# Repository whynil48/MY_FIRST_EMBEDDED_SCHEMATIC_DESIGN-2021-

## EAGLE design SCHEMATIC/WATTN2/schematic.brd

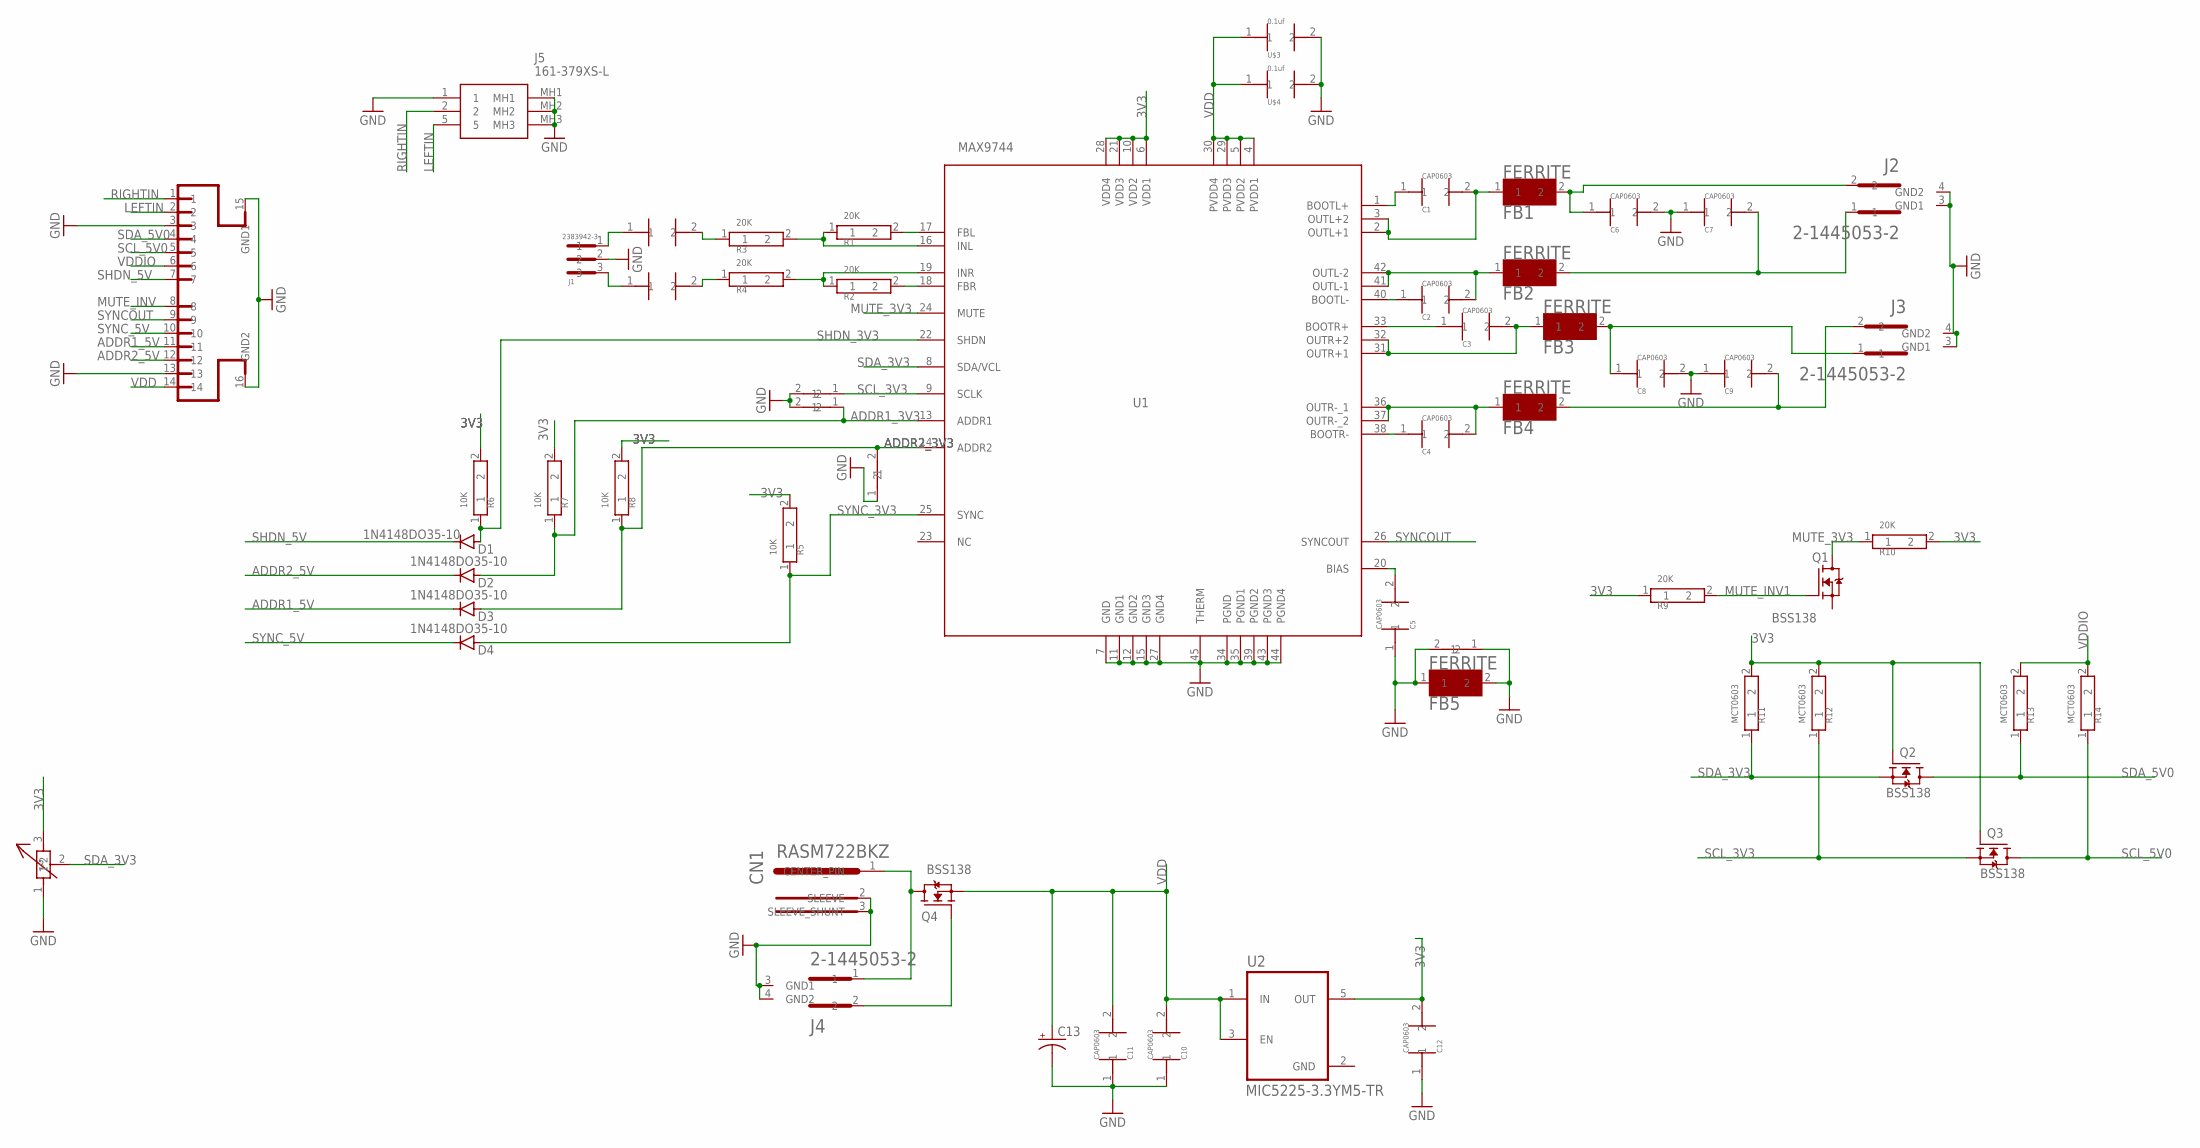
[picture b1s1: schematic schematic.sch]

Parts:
C1, C2, C3, C4, C5, C6, C7, C8, C9, C10, C11, C12: CAP0603
C13: CPOL-US085CS-1R; 085CS_1R
CN1: RASM722BKZ
D1, D2, D3, D4: 1N4148DO35-10; DO35-10
FB1, FB2, FB3, FB4, FB5: FERRITE
J1: 2383942-3
J2, J3, J4: 2-1445053-2
J5: 161-379XS-L; 161379XSL
J6: 4-794627-4
Q1, Q2, Q3, Q4: BSS138; SOT95P240X111-3N
R1, R2, R3, R4, R9, R10: 20K; MCT0603
R5, R6, R7, R8: 10K; MCT0603
R11, R12, R13, R14: MCT0603
SJ1, SJ2, SJ3, SJ4: QPC02SXGN-RC
U1: MAX9744
U2: MIC5225-3.3YM5-TR; SOT95P280X145-5N
U$1: 0.47uf; CAP0603
U$2: CAP0603
U$3, U$4: 0.1uf; CAP0603
VR1: T93YA223KT20

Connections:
3V3: C12.2, Q2.1 (G), Q3.1 (G), R6.2, R9.1, R10.2, R11.2, R12.2, U1.6 (VDD1), U1.10 (VDD2), U1.21 (VDD3), U1.28 (VDD4), U2.5 (OUT), VR1.3 (2)
ADDR1_3V3: D2.A, R7.1, SJ1.1, U1.13 (ADDR1)
ADDR1_5V: D3.C, J6.11
ADDR2_3V3: D3.A, R8.1, SJ2.2, U1.14 (ADDR2)
ADDR2_5V: D2.C, J6.12
GND: C5.1, C6.2, C7.1, C8.2, C9.1, C10.1, C11.1, C12.1, C13.-, CN1.2 (SLEEVE), CN1.3 (SLEEVE_SHUNT), FB5.1, FB5.2, J1.2, J2.3 (GND1), J2.4 (GND2), J3.3 (GND1), J3.4 (GND2), J4.3 (GND1), J4.4 (GND2), J5.1, J5.MH1, J5.MH2, J5.MH3, J6.3, J6.13, J6.15 (GND1), J6.16 (GND2), SJ1.2, SJ2.1, SJ3.2, SJ4.1, SJ4.2, U1.7 (GND), U1.11 (GND1), U1.12 (GND2), U1.15 (GND3), U1.27 (GND4), U1.34 (PGND), U1.35 (PGND1), U1.39 (PGND2), U1.43 (PGND3), U1.44 (PGND4), U1.45 (THERM), U2.2 (GND), U$3.2, U$4.2, VR1.1
LEFTIN: J5.5, J6.2
MUTE_3V3: Q1.3 (D), R10.1, U1.24 (MUTE)
MUTE_INV: J6.8
MUTE_INV1: Q1.1 (G), R9.2
unnamed: R1.2, U1.17 (FBL)
unnamed: R2.2, U1.18 (FBR)
unnamed: R1.1, R3.2, U1.16 (INL)
unnamed: R2.1, R4.2, U1.19 (INR)
unnamed: R4.1, U$2.2
unnamed: R3.1, U$1.2
unnamed: J1.1, U$1.1
unnamed: J1.3, U$2.1
unnamed: CN1.1 (CENTER_PIN), J4.1, Q4.3 (D)
unnamed: J4.2, Q4.1 (G)
unnamed: C1.2, FB1.1, U1.2 (OUTL+1), U1.3 (OUTL+2)
unnamed: C1.1, U1.1 (BOOTL+)
unnamed: C2.1, U1.40 (BOOTL-)
unnamed: C2.2, FB2.1, U1.41 (OUTL-1), U1.42 (OUTL-2)
unnamed: C3.1, U1.33 (BOOTR+)
unnamed: C3.2, FB3.1, U1.31 (OUTR+1), U1.32 (OUTR+2)
unnamed: C4.1, U1.38 (BOOTR-)
unnamed: C4.2, FB4.1, U1.36 (OUTR-_1), U1.37 (OUTR-_2)
unnamed: C6.1, FB1.2, J2.2
unnamed: C5.2, U1.20 (BIAS)
unnamed: C7.2, FB2.2, J2.1
unnamed: C8.1, FB3.2, J3.1
unnamed: C9.2, FB4.2, J3.2
RIGHTIN: J5.2, J6.1
SCL_3V3: Q3.2 (S), R12.1, SJ3.1, U1.9 (SCLK)
SCL_5V0: J6.5, Q3.3 (D), R14.1
SDA_3V3: Q2.2 (S), R11.1, U1.8 (SDA/VCL), VR1.2 (3)
SDA_5V0: J6.4, Q2.3 (D), R13.1
SHDN_3V3: D1.A, R6.1, U1.22 (SHDN)
SHDN_5V: D1.C, J6.7
SYNCOUT: J6.9, U1.26 (SYNCOUT)
SYNC_3V3: D4.A, R5.1, U1.25 (SYNC)
SYNC_5V: D4.C, J6.10
VDD: C10.2, C11.2, C13.+, J6.14, Q4.2 (S), U1.4 (PVDD1), U1.5 (PVDD2), U1.29 (PVDD3), U1.30 (PVDD4), U2.1 (IN), U2.3 (EN), U$3.1, U$4.1
VDDIO: J6.6, R13.2, R14.2

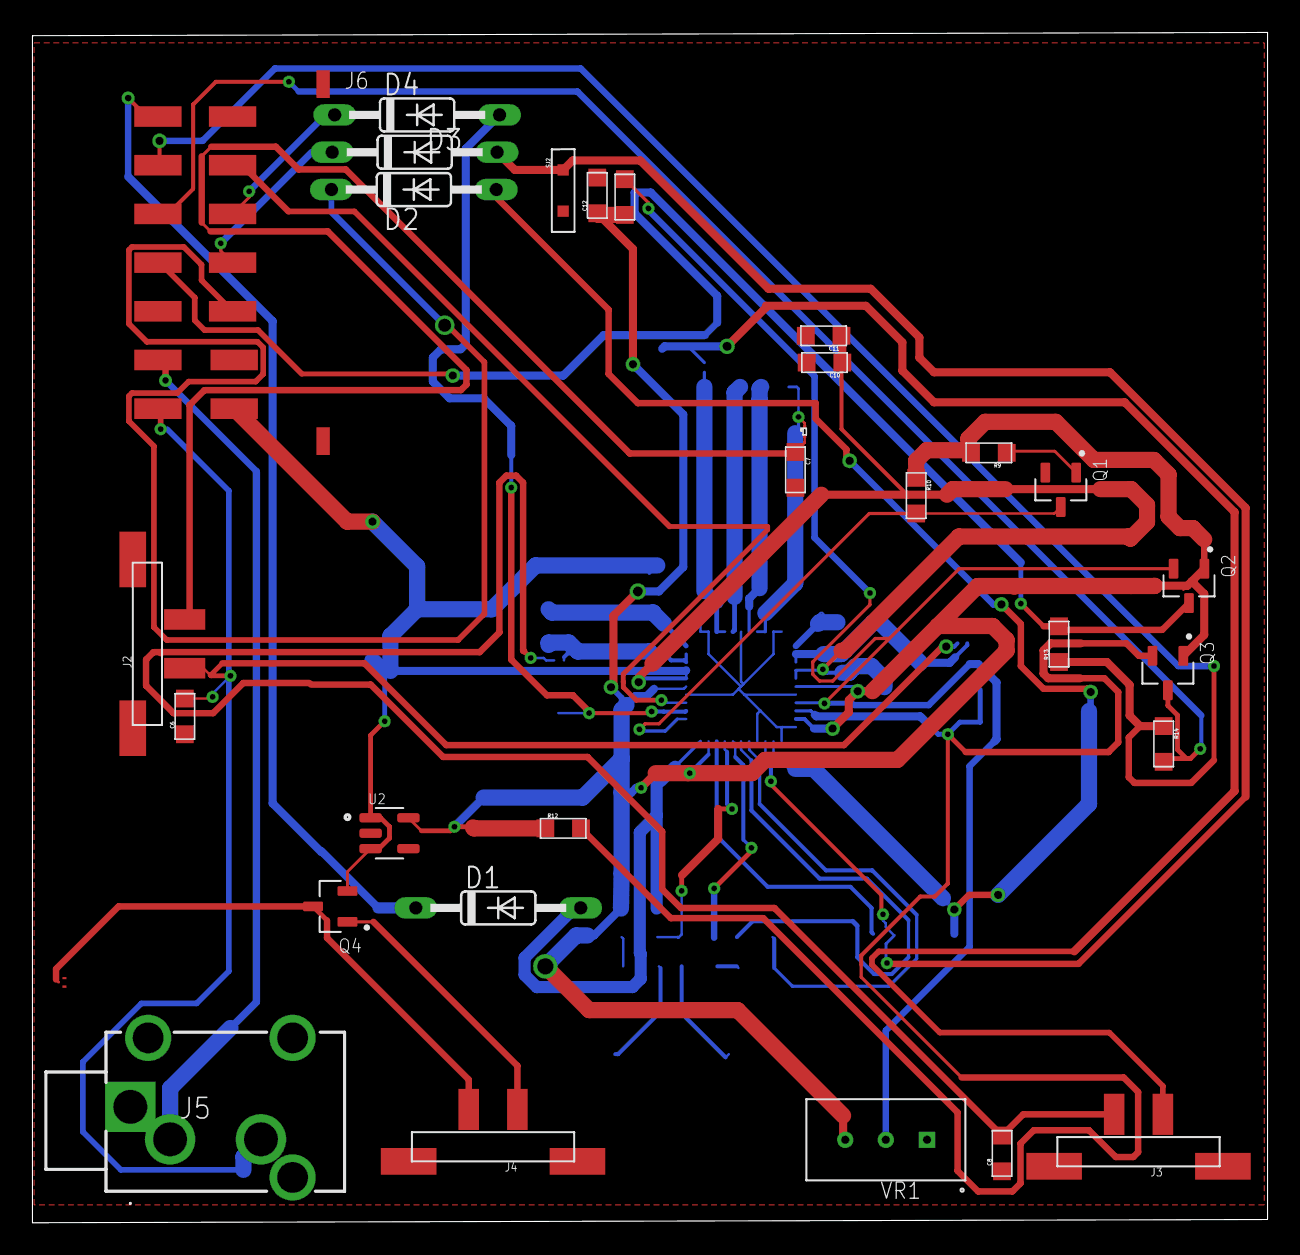
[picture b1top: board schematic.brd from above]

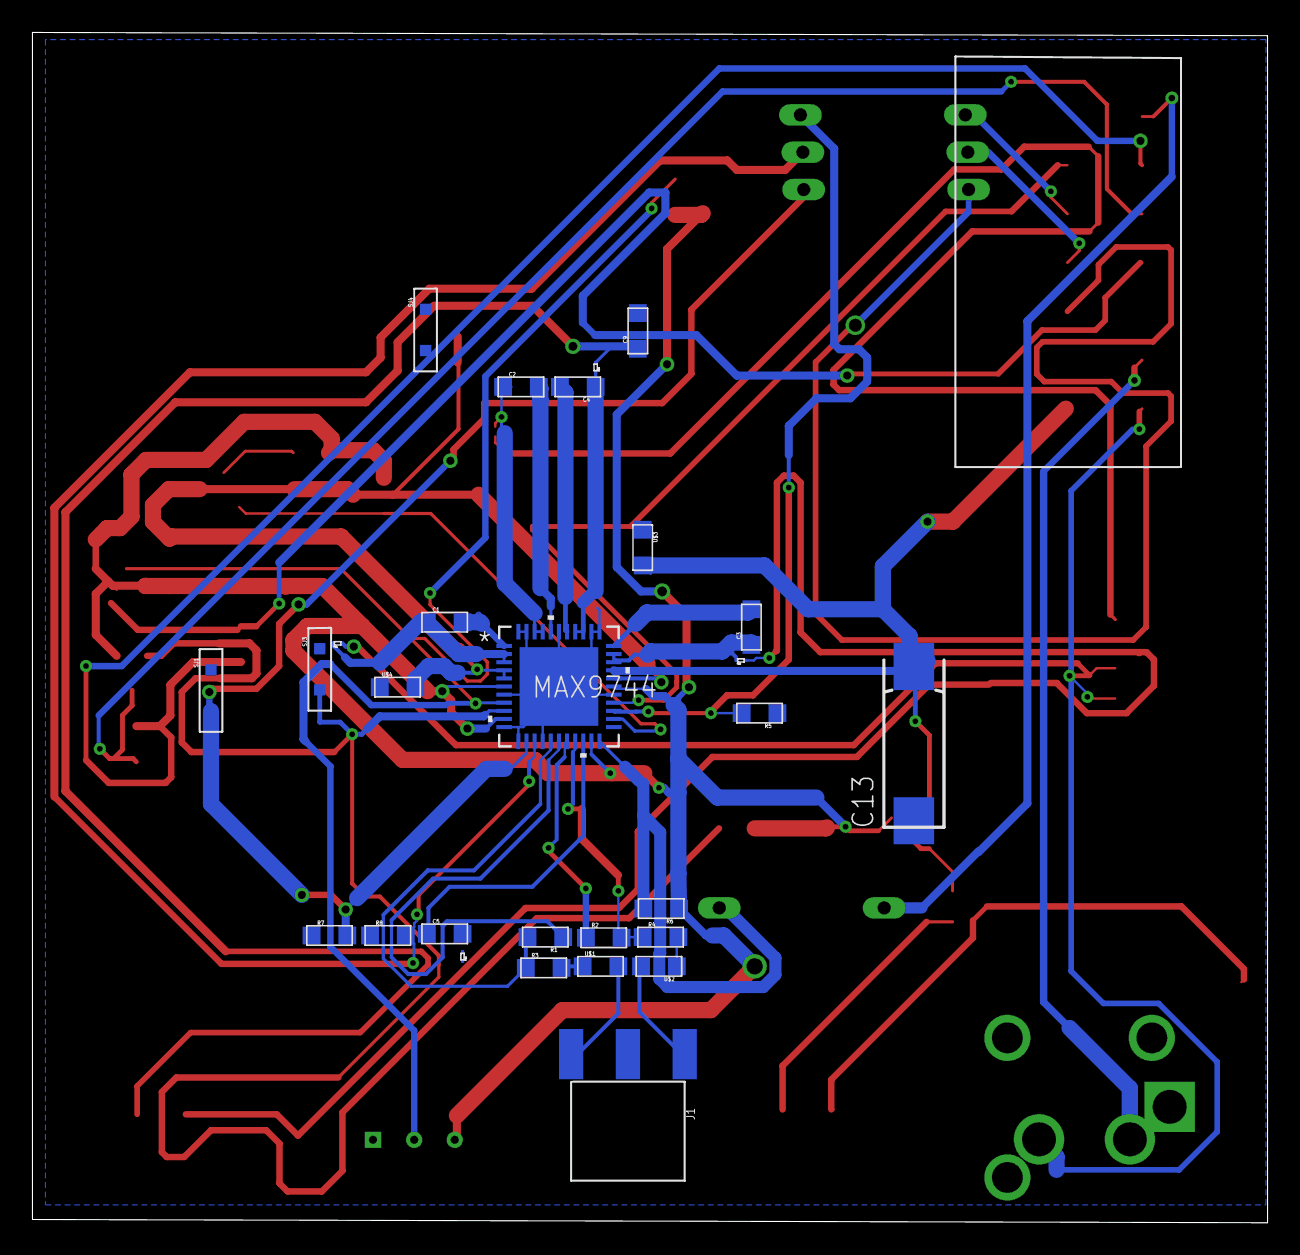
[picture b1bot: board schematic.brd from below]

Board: 2 copper layers, 76.1 x 73.3 mm, 58 parts (28 on the bottom side), 44 nets.

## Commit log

2024-05-13 Add files via upload
    Created a schematic for Smart_watch, PCB_DESIGN file is missing.

========================================

**Your objective**
Among the lines of the preceding data, which ones hold the word "OUTL"? List them.

**Your solution**
unnamed: C1.2, FB1.1, U1.2 (OUTL+1), U1.3 (OUTL+2)
unnamed: C2.2, FB2.1, U1.41 (OUTL-1), U1.42 (OUTL-2)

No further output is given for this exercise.